*** Begin section ***

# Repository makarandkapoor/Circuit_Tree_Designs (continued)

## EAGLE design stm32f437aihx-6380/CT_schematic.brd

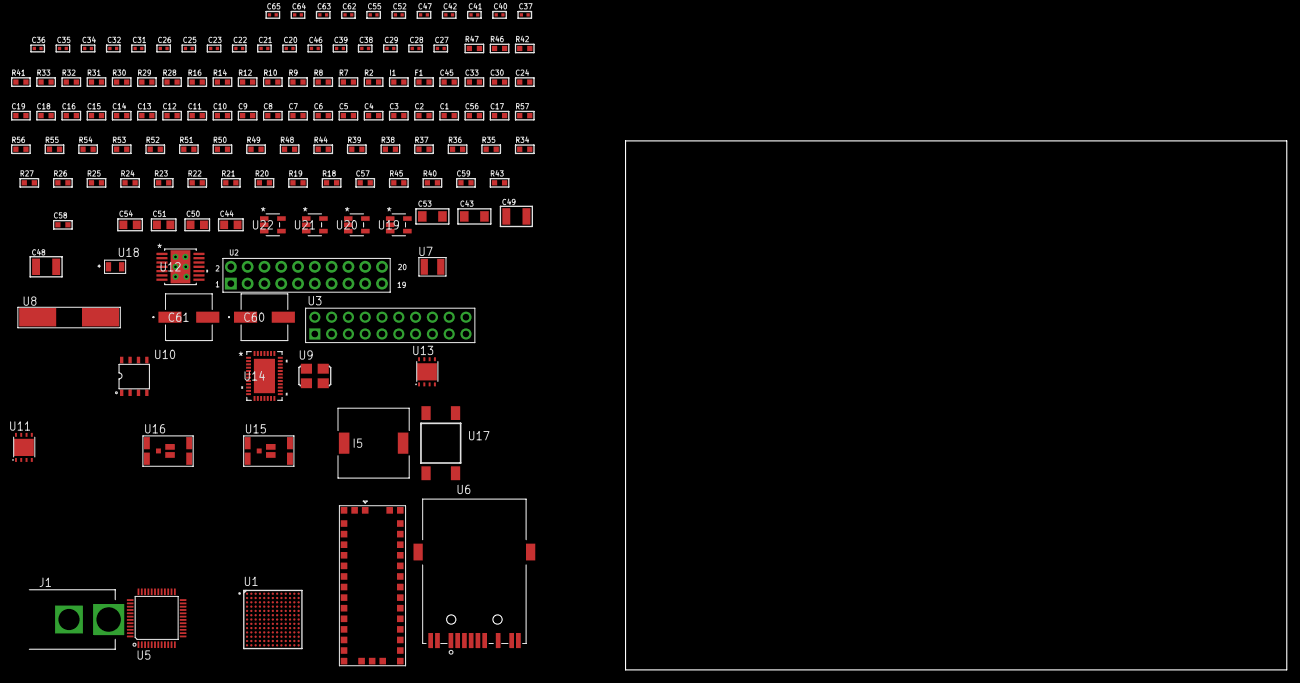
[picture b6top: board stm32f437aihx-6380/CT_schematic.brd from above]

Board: 2 copper layers, 100.0 x 80.0 mm, 139 parts (0 on the bottom side), 100 nets, no tracks yet.

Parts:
C1, C19, C24, C30, C33, C45: 1e-06; C0603
C2, C3, C4, C5, C6, C7, C8, C9, C10, C11, C12, C13, C14, C15, C16: 1e-07; C0603
C17: 4.7e-06; C0603
C18: 1e-08; C0603
C20, C21, C25, C26, C31, C34, C36, C37, C47, C55: 1e-07; C0402
C22, C23: 1e-11; C0402
C27, C28: 2.2e-11; C0402
C29: 2.2e-08; C0402
C32, C35, C40, C41, C42, C52, C62, C63, C64, C65: 1e-08; C0402
C38, C39: 2.7e-11; C0402
C43, C53: 1e-05; C1206
C44, C50, C51, C54: 1e-05; C0805
C46: 3.3e-09; C0402
C48, C49: 2.2e-05; C1210
C56: 2.2e-06; C0603
C57: 2.45e-08; R0603
C58: 2.8258362168397e-09; R0603
C59: 7.105e-09; R0603
C60, C61: 0.0001; EXV-9H
F1: 240.0; L0603
I1: 97.0; R0603
I5: 2.5e-06; DR1040
J1: PJ-037B; PJ-037B_PACKAGE
R2, R42, R47: 1000.0; R0603
R7, R8, R9, R33: 4700.0; R0603
R10, R12, R14, R16: 2200.0; R0603
R18, R19, R20, R21, R22, R23, R24, R25, R26, R27, R34, R35, R36, R37, R38, R39, R48, R50, R51, R54, R55, R56: 10000.0; R0603
R28, R29: 0.1; R0603
R30, R31, R41, R46: 200.0; R0603
R32: 2490.0; R0603
R40, R45: 100000.0; R0603
R43: 71007.101651032; R0603
R44: 22000.0; R0603
R49: 75000.0; R0603
R52, R53: 95300.0; R0603
R57: 48900.0; R0603
U1: STM32F437AIH6; UFBGA169
U2: arducam_ov2640; ARDUCAM
U3: TST-110-05-T-D-RA
U4: M10382
U5: RTL8201FL-VB-CG
U6: 7498011122R
U7: ABS07-32.768KHZ-7-T
U8: ABLS-25.000MHZ-B2F-T
U9: ASFL1-25MHZ-NCS; ASFL1
U10: idt74fct38072; IDT74FCT38072
U11, U13: LP3878SDX-ADJ/NOPB; WSON-8
U12: tps54325PWP; HTSSOP14
U14: LTC2928CUHF#PBF; QFN-38_UHF
U15, U16: IRF8306MTRPbF; IRF8306MTRPBF
U17: 4-1437565-2; SW_4-1437565-2
U18: Q65110A2395; LGM67K-G1J2-24-Z
U19, U20, U21, U22: nc7sz125m5x; NC7SZ125M5X

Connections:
CLK_CRYSTAL_U1_E1: C22.1, U1.E1, U7.1
CLK_CRYSTAL_U1_F1: C23.1, U1.F1, U7.2
CLK_CRYSTAL_U5_42: C39.1, U5.42, U8.1
CLK_CRYSTAL_U5_43: C38.1, U5.43, U8.2
CLK_U1_G2: U1.G2, U10.6
CLK_U2_8: U2.8, U10.7
CLK_U10_3: U9.3, U10.3
GND: C1.2, C2.2, C3.2, C4.2, C5.2, C6.2, C7.2, C8.2, C9.2, C10.2, C11.2, C12.2, C13.2, C14.2, C15.2, C16.2, C17.2, C18.2, C19.2, C20.2, C21.2, C22.2, C23.2, C24.2, C25.2, C26.2, C27.2, C28.2, C29.2, C30.2, C31.2, C32.2, C33.2, C34.2, C35.2, C36.2, C37.2, C38.2, C39.2, C40.2, C41.2, C42.2, C43.2, C44.2, C45.2, C46.2, C48.2, C49.2, C50.2, C51.2, C52.2, C53.2, C54.2, C55.2, C56.2, C57.2, C58.2, C59.2, C60.2, C61.2, C62.2, C63.2, C64.2, C65.2, J1.2, R2.2, R20.2, R27.2, R28.2, R29.2, R32.2, R34.2, R36.2, R37.2, R38.2, R39.2, R42.2, R44.2, R47.2, R49.2, R52.2, R53.2, R54.2, R55.2, R56.2, U1.D7, U1.D11, U1.E7, U1.F5, U1.F6, U1.G7, U1.G9, U1.J1, U1.J2, U1.J6, U1.J7, U1.J10, U2.2, U2.20, U3.4, U3.6, U3.8, U3.10, U3.12, U3.14, U3.16, U3.18, U3.20, U4.2, U4.4, U4.14, U4.17, U4.21, U4.24, U4.26, U4.28, U4.33, U4.34, U4.35, U4.36, U5.7, U5.20, U5.33, U5.47, U6.11, U9.2, U10.4, U10.5, U10.8, U11.3, U11.PAD, U12.5, U12.8, U12.9, U12.15, U13.3, U13.PAD, U14.8, U14.9, U14.10, U14.12, U14.13, U14.24, U14.25, U14.30, U14.32, U14.39, U18.C, U19.2, U19.3, U20.1, U20.3, U21.1, U21.3, U22.1, U22.3
NET_U1_A5: R19.1, U1.A5
NET_U1_B5: R12.1, U1.B5, U4.18
NET_U1_C3: R18.1, U1.C3
NET_U1_C5: R10.1, U1.C5, U4.19
NET_U1_D12: C21.1, U1.D12
NET_U1_H2: R8.1, U1.H2, U21.4
NET_U1_H5: R14.1, U1.H5, U5.30
NET_U1_J4: C18.1, C19.1, F1.1, U1.J3, U1.J4
NET_U1_K2: R16.1, U1.K2, U5.31
NET_U1_L5: R20.1, U1.L5
NET_U1_M1: R21.1, U1.M1
NET_U1_N11: U17.3, U17.4
NET_U2_19: R9.1, U2.19, U22.4
NET_U3_19: R27.1, U3.19
NET_U5_6: C30.1, C31.1, C32.1, I1.1, U5.6, U5.41
NET_U5_10: R37.1, U5.10
NET_U5_29: R7.1, U5.29, U20.4
NET_U5_32: R33.1, U5.32
NET_U5_34: R35.1, U5.34
NET_U5_35: R36.1, U5.35
NET_U5_40: C37.1, U5.40
NET_U5_46: R32.1, U5.46
NET_U5_48: C36.1, U5.48
NET_U6_1: U5.1, U6.1
NET_U6_3: U5.2, U6.3
NET_U6_4: U5.4, U6.4
NET_U6_5: C29.1, U6.2, U6.5
NET_U6_6: U5.5, U6.6
NET_U6_8: R29.1, U6.8
NET_U6_10: R30.1, U6.10
NET_U6_12: R31.1, U6.12
NET_U6_13: R28.1, U6.13, U6.14
NET_U11_1: C42.1, U11.1
NET_U11_6: R41.2, R42.1, U11.6
NET_U11_8: R40.1, U11.8
NET_U12_2: R43.2, R44.1, U12.2
NET_U12_3: C45.1, U12.3
NET_U12_4: C46.1, U12.4
NET_U12_10: C47.1, I5.1, U12.10, U12.11
NET_U12_12: C47.2, U12.12
NET_U13_1: C52.1, U13.1
NET_U13_6: R46.2, R47.1, U13.6
NET_U13_8: R45.1, U13.8
NET_U14_3: R55.1, U14.3
NET_U14_6: R52.1, U14.6
NET_U14_7: R53.1, U14.7
NET_U14_16: R54.1, R57.1, U14.16
NET_U14_18: R51.1, U14.18
NET_U14_19: R50.1, U14.19, U14.20
NET_U14_21: R48.1, R49.1, U14.21, U19.4, U20.2, U21.2, U22.2
NET_U14_26: C58.1, U14.26
NET_U14_27: C57.1, U14.27
NET_U14_28: C59.1, U14.28
NET_U14_38: R56.1, U14.38
NET_U15_3: U14.2, U15.3
NET_U16_3: U14.37, U16.3
NET_U17_1: R2.1, U17.1, U17.2
PROC_DCMI_D0: U1.E8, U2.18
PROC_DCMI_D1: U1.E9, U2.17
PROC_DCMI_D2: U1.B4, U2.16
PROC_DCMI_D3: U1.A4, U2.15
PROC_DCMI_D4: U1.B10, U2.14
PROC_DCMI_D5: U1.A9, U2.13
PROC_DCMI_D6: U1.A2, U2.12
PROC_DCMI_D7: U1.B1, U2.11
PROC_DCMI_D8: U1.C10, U2.10
PROC_DCMI_D9: U1.A10, U2.9
PROC_DCMI_HSYNC: U1.L10, U2.6
PROC_DCMI_PIXCK: U1.N3, U2.7
PROC_DCMI_VSYNC: U1.A3, U2.5
PROC_ETH_COL: U1.K3, U5.38
PROC_ETH_CRS: U1.L2, U5.36
PROC_ETH_RXD3: R38.1, U1.K5, U5.18
PROC_ETH_RX_CLK: U1.K1, U5.19
PROC_ETH_RX_DV: R34.1, U1.K4, U5.13
PROC_ETH_RX_ER: R39.1, U1.E3, U5.39
PROC_ETH_TXD2: U1.H6, U5.25
PROC_ETH_TXD3: U1.B2, U5.26
PROC_ETH_TX_CLK: U1.H7, U5.22
PROC_ETH_TX_EN: U1.B7, U5.27
PROC_SYS_JTCK_SWCLK: R25.1, U1.A11, U3.9
PROC_SYS_JTDI: R23.1, U1.B11, U3.5
PROC_SYS_JTDO_SWO: U1.B6, U3.13
PROC_SYS_JTMS_SWDIO: R24.1, U1.E12, U3.7
PROC_SYS_JTRST: R22.1, U1.A6, U3.3
RST_OUT_U3_SRESET_B: R26.1, U3.15, U19.1
VCC_6V4: C55.1, C56.1, C60.1, C61.1, J1.1, R48.2, R50.2, R51.2, R57.2, U14.11, U14.22, U15.1, U15.2, U15.6, U15.7, U16.1, U16.2, U16.6, U16.7
VCC_S1_6V4: C43.1, C50.1, C51.1, R40.2, U11.4, U12.7, U12.13, U12.14, U15.4, U15.5
VCC_S2_6V4: C53.1, R45.2, U13.4, U16.4, U16.5
VCC_TIER1_1V2: C20.1, C44.1, R41.1, U1.N9, U11.5
VCC_TIER1_3V3: C1.1, C2.1, C3.1, C4.1, C5.1, C6.1, C7.1, C8.1, C9.1, C10.1, C11.1, C12.1, C13.1, C14.1, C15.1, C16.1, C17.1, C24.1, C25.1, C26.1, C27.1, C28.1, C33.1, C34.1, C35.1, C40.1, C41.1, C48.1, C49.1, C62.1, C63.1, C64.1, C65.1, F1.2, I1.2, I5.2, R7.2, R8.2, R9.2, R10.2, R12.2, R14.2, R16.2, R18.2, R19.2, R21.2, R22.2, R23.2, R24.2, R25.2, R26.2, R33.2, R35.2, R43.1, U1.D3, U1.D6, U1.D10, U1.E5, U1.E6, U1.F4, U1.F7, U1.F8, U1.G8, U1.G10, U1.H4, U1.H8, U1.J11, U1.K6, U1.L6, U2.1, U3.1, U3.2, U4.5, U4.25, U4.27, U5.15, U5.21, U5.37, U9.4, U10.1, U10.2, U12.1, U19.5, U20.5, U21.5, U22.5
VCC_TIER2_1V2: C54.1, R46.1, U13.5

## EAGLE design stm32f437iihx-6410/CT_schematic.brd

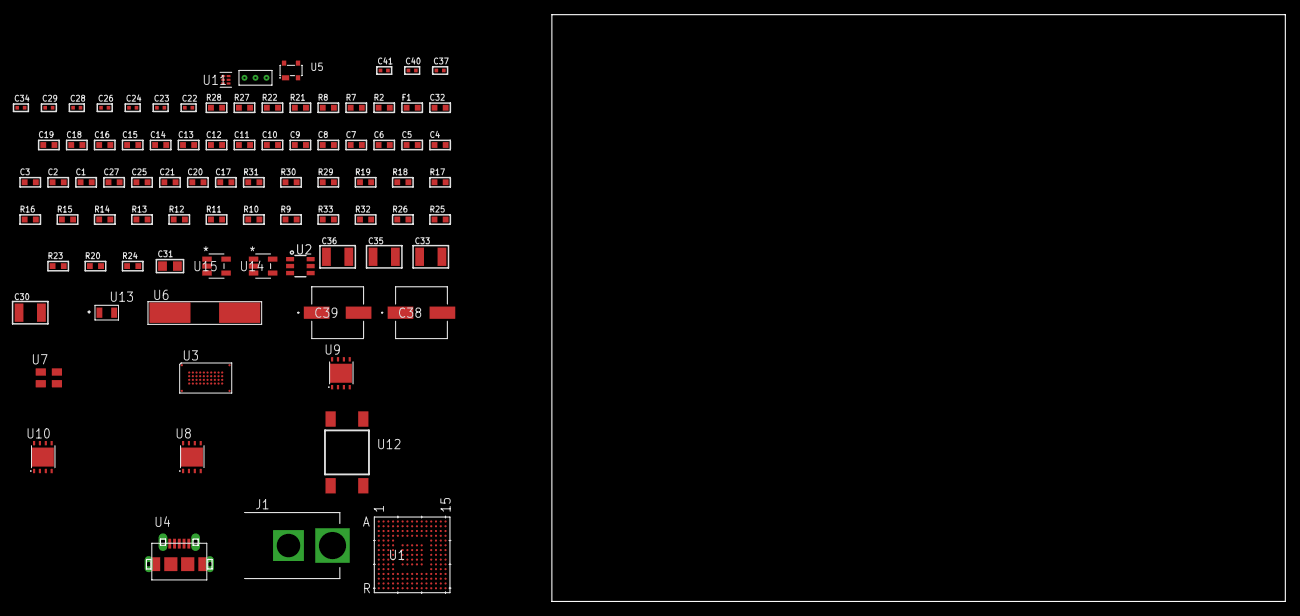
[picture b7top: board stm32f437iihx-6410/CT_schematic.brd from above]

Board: 2 copper layers, 87 parts (0 on the bottom side), 69 nets, no tracks yet.

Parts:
C1, C19: 1e-06; C0603
C2, C3, C4, C5, C6, C7, C8, C9, C10, C11, C12, C13, C14, C15, C16: 1e-07; C0603
C17: 4.7e-06; C0603
C18: 1e-08; C0603
C20, C21, C25, C27: 2.2e-06; C0603
C22, C23: 1e-11; C0402
C24, C26, C37: 1e-07; C0402
C28, C29, C34, C40, C41: 1e-08; C0402
C30, C33, C35, C36: 1e-05; C1210
C31: 1e-05; C0805
C32: 8e-07; R0603
C38, C39: 0.0001; EXV-9H
F1: 240.0; L0603
J1: PJ-037B; PJ-037B_PACKAGE
R2, R22, R28: 1000.0; R0603
R7, R8: 4700.0; R0603
R9: 47000.0; R0603
R10, R11, R12, R13, R14, R15, R16, R17, R18, R19, R29, R30: 10000.0; R0603
R20, R23, R25, R26: 100000.0; R0603
R21: 806.0; R0603
R24: 153694.38; R0603
R27: 3900.0; R0603
R31: 82000.0; R0603
R32: 300000.0; R0603
R33: 120000.0; R0603
U1: STM32F437IIH6; UFBGA176_25
U2: MAX4995AAUT+T; SOT-23-6
U3: S29VS256RABBHW000
U4: 47590-0001; MICRO_USB_AB
U5: prtr5v0u2ax; SOT143B
U6: ABLS-25.000MHZ-B2F-T
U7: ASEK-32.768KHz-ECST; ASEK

*** End section ***

PROBLEM TO SOLVE: From the data above, output only the lines between the line containing "NET_U6_5: C29.1, U6.2, U6.5" and the line containing "RST_OUT_U3_SRESET_B: R26.1, U3.15, U19.1", inclusive, exactly as written.

TASK ANSWER:
NET_U6_5: C29.1, U6.2, U6.5
NET_U6_6: U5.5, U6.6
NET_U6_8: R29.1, U6.8
NET_U6_10: R30.1, U6.10
NET_U6_12: R31.1, U6.12
NET_U6_13: R28.1, U6.13, U6.14
NET_U11_1: C42.1, U11.1
NET_U11_6: R41.2, R42.1, U11.6
NET_U11_8: R40.1, U11.8
NET_U12_2: R43.2, R44.1, U12.2
NET_U12_3: C45.1, U12.3
NET_U12_4: C46.1, U12.4
NET_U12_10: C47.1, I5.1, U12.10, U12.11
NET_U12_12: C47.2, U12.12
NET_U13_1: C52.1, U13.1
NET_U13_6: R46.2, R47.1, U13.6
NET_U13_8: R45.1, U13.8
NET_U14_3: R55.1, U14.3
NET_U14_6: R52.1, U14.6
NET_U14_7: R53.1, U14.7
NET_U14_16: R54.1, R57.1, U14.16
NET_U14_18: R51.1, U14.18
NET_U14_19: R50.1, U14.19, U14.20
NET_U14_21: R48.1, R49.1, U14.21, U19.4, U20.2, U21.2, U22.2
NET_U14_26: C58.1, U14.26
NET_U14_27: C57.1, U14.27
NET_U14_28: C59.1, U14.28
NET_U14_38: R56.1, U14.38
NET_U15_3: U14.2, U15.3
NET_U16_3: U14.37, U16.3
NET_U17_1: R2.1, U17.1, U17.2
PROC_DCMI_D0: U1.E8, U2.18
PROC_DCMI_D1: U1.E9, U2.17
PROC_DCMI_D2: U1.B4, U2.16
PROC_DCMI_D3: U1.A4, U2.15
PROC_DCMI_D4: U1.B10, U2.14
PROC_DCMI_D5: U1.A9, U2.13
PROC_DCMI_D6: U1.A2, U2.12
PROC_DCMI_D7: U1.B1, U2.11
PROC_DCMI_D8: U1.C10, U2.10
PROC_DCMI_D9: U1.A10, U2.9
PROC_DCMI_HSYNC: U1.L10, U2.6
PROC_DCMI_PIXCK: U1.N3, U2.7
PROC_DCMI_VSYNC: U1.A3, U2.5
PROC_ETH_COL: U1.K3, U5.38
PROC_ETH_CRS: U1.L2, U5.36
PROC_ETH_RXD3: R38.1, U1.K5, U5.18
PROC_ETH_RX_CLK: U1.K1, U5.19
PROC_ETH_RX_DV: R34.1, U1.K4, U5.13
PROC_ETH_RX_ER: R39.1, U1.E3, U5.39
PROC_ETH_TXD2: U1.H6, U5.25
PROC_ETH_TXD3: U1.B2, U5.26
PROC_ETH_TX_CLK: U1.H7, U5.22
PROC_ETH_TX_EN: U1.B7, U5.27
PROC_SYS_JTCK_SWCLK: R25.1, U1.A11, U3.9
PROC_SYS_JTDI: R23.1, U1.B11, U3.5
PROC_SYS_JTDO_SWO: U1.B6, U3.13
PROC_SYS_JTMS_SWDIO: R24.1, U1.E12, U3.7
PROC_SYS_JTRST: R22.1, U1.A6, U3.3
RST_OUT_U3_SRESET_B: R26.1, U3.15, U19.1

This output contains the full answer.